[Records for processing Boundary: Start]
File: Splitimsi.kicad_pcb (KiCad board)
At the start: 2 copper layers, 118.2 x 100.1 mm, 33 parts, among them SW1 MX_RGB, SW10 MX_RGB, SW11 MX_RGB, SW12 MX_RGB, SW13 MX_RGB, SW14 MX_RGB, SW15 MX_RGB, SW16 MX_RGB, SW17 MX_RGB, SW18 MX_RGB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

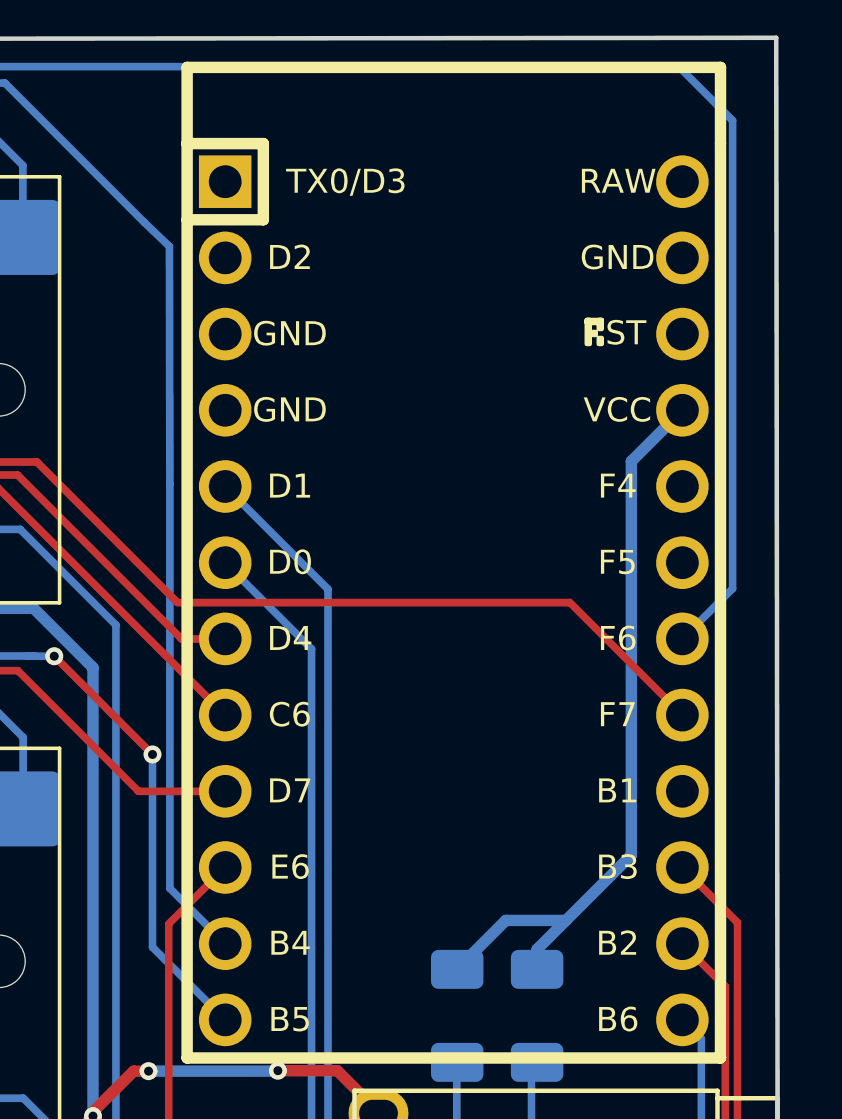
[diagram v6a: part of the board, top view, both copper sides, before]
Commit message: Front silkscreen creator and version info added
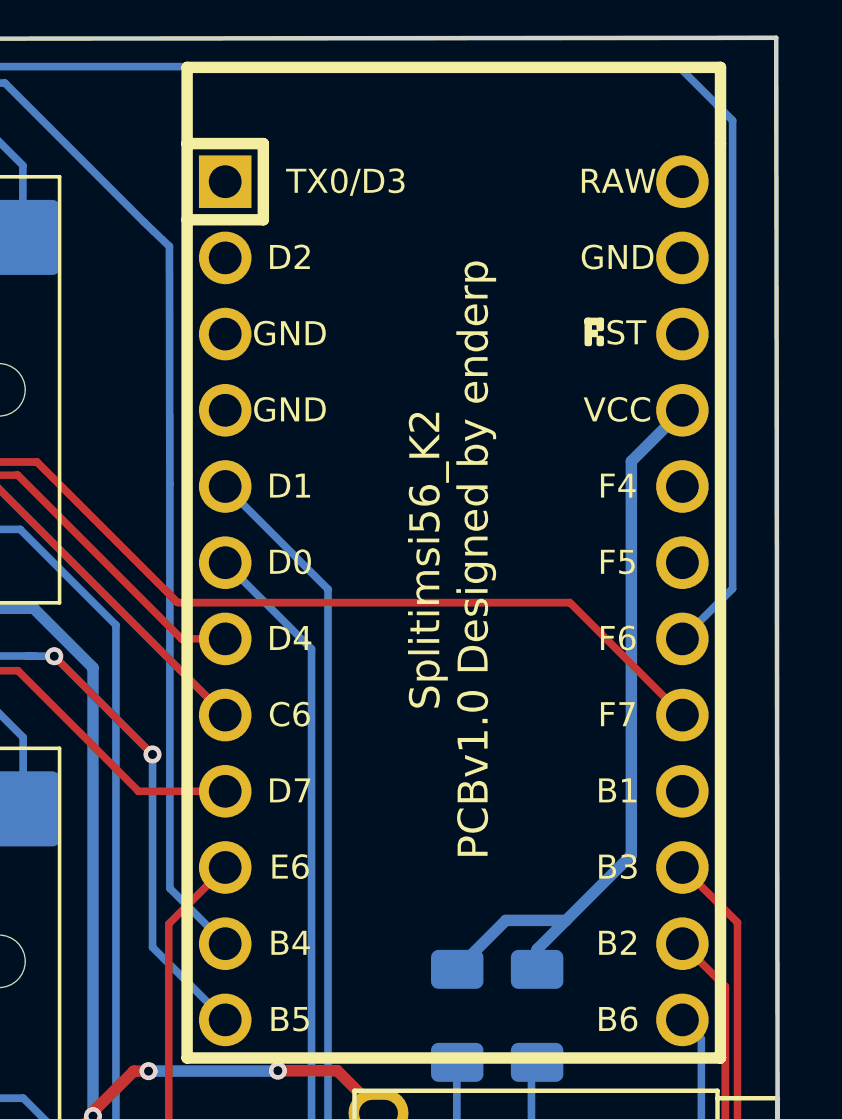
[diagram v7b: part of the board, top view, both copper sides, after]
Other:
- board text added: "Splitimsi56_K2 PCBv1.0 Designed by enderp"
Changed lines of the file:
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@@
     (property "Sheetname" "")
     (attr through_hole)
-    (fp_text reference "U2" (at 0 14.2 -90) (layer "Dwgs.User")
+    (fp_text reference "U2" (at 0.034304 4.602522 -90) (layer "Dwgs.User")
       (effects (font (size 1 1) (thickness 0.15)))
     )
@@
   (gr_line (start 20.32 97.79) (end 20.193 16.967909) (layer "Edge.Cuts") (width 0.15))
   (gr_line (start 20.32 116.967) (end 20.32 97.79) (layer "Edge.Cuts") (width 0.15))
+  (gr_text "Splitimsi56_K2\nPCBv1.0 Designed by enderp" (at 127.413902 34.230795 90) (layer "F.SilkS")
+    (effects (font (size 1 1) (thickness 0.2)))
+  )
   (segment (start 117.162291 56.424596) (end 117.145481 56.441406) (width 0.254) (layer "F.Cu") (net 1))
   (segment (start 117.145481 56.441406) (end 115.53879 56.441406) (width 0.254) (layer "F.Cu") (net 1))

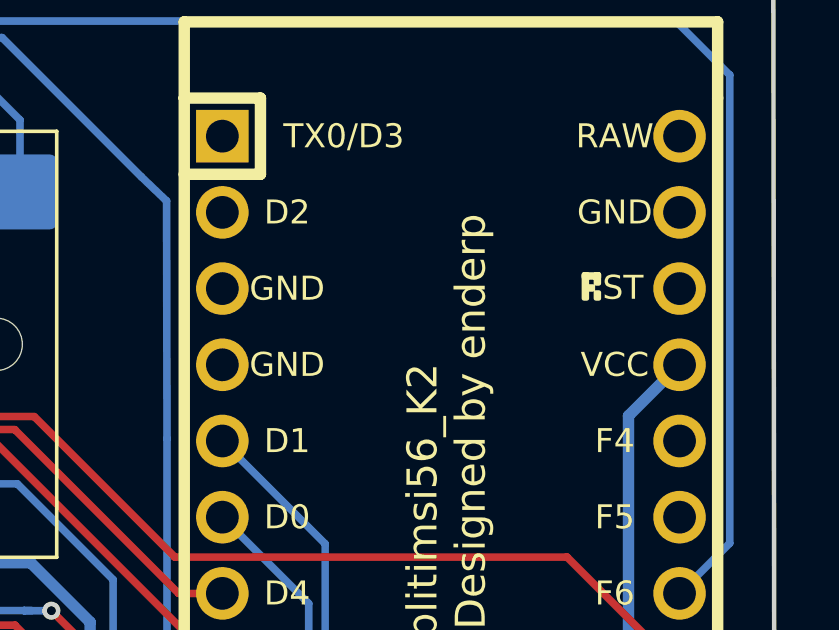
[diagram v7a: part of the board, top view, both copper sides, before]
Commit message: Reset button footprint placed
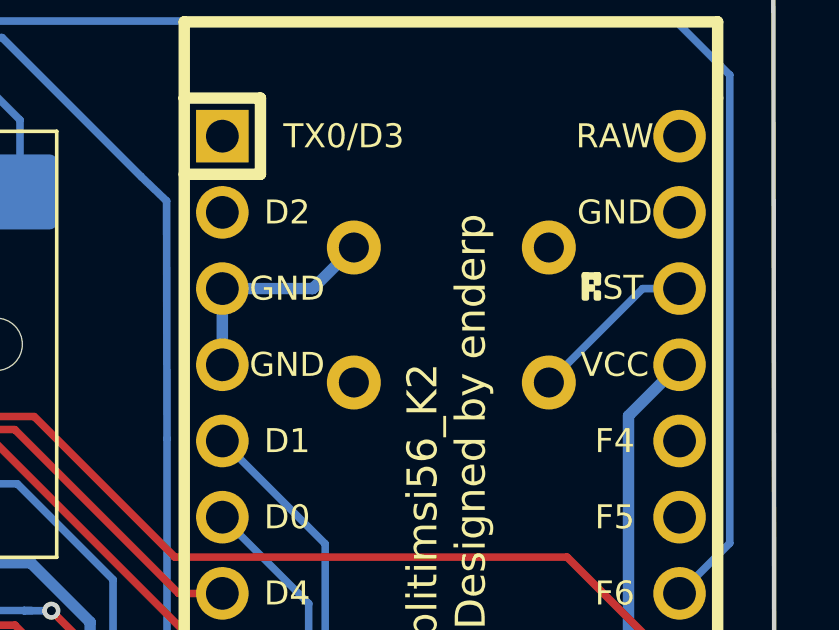
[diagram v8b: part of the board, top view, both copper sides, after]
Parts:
- added S1: TactSW_6x6_THT, aio3-misc:PushButton_6x6mm_TH_Pretty, B.Cu at (127.6, 27.6)
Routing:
- net GND: track 0.00 -> 7.49 mm
- net Net-(S1-Pad2)_1: track 0.00 -> 5.65 mm
[Records for processing Boundary: End]
**Problem description**
The answer must be the entries above, printed exactly, with no pictures.

**The answer**
File: Splitimsi.kicad_pcb (KiCad board)
At the start: 2 copper layers, 118.2 x 100.1 mm, 33 parts, among them SW1 MX_RGB, SW10 MX_RGB, SW11 MX_RGB, SW12 MX_RGB, SW13 MX_RGB, SW14 MX_RGB, SW15 MX_RGB, SW16 MX_RGB, SW17 MX_RGB, SW18 MX_RGB

[diagram v6a: part of the board, top view, both copper sides, before]
Commit message: Front silkscreen creator and version info added
[diagram v7b: part of the board, top view, both copper sides, after]
Other:
- board text added: "Splitimsi56_K2 PCBv1.0 Designed by enderp"
Changed lines of the file:
@@
     (property "Sheetname" "")
     (attr through_hole)
-    (fp_text reference "U2" (at 0 14.2 -90) (layer "Dwgs.User")
+    (fp_text reference "U2" (at 0.034304 4.602522 -90) (layer "Dwgs.User")
       (effects (font (size 1 1) (thickness 0.15)))
     )
@@
   (gr_line (start 20.32 97.79) (end 20.193 16.967909) (layer "Edge.Cuts") (width 0.15))
   (gr_line (start 20.32 116.967) (end 20.32 97.79) (layer "Edge.Cuts") (width 0.15))
+  (gr_text "Splitimsi56_K2\nPCBv1.0 Designed by enderp" (at 127.413902 34.230795 90) (layer "F.SilkS")
+    (effects (font (size 1 1) (thickness 0.2)))
+  )
   (segment (start 117.162291 56.424596) (end 117.145481 56.441406) (width 0.254) (layer "F.Cu") (net 1))
   (segment (start 117.145481 56.441406) (end 115.53879 56.441406) (width 0.254) (layer "F.Cu") (net 1))

[diagram v7a: part of the board, top view, both copper sides, before]
Commit message: Reset button footprint placed
[diagram v8b: part of the board, top view, both copper sides, after]
Parts:
- added S1: TactSW_6x6_THT, aio3-misc:PushButton_6x6mm_TH_Pretty, B.Cu at (127.6, 27.6)
Routing:
- net GND: track 0.00 -> 7.49 mm
- net Net-(S1-Pad2)_1: track 0.00 -> 5.65 mm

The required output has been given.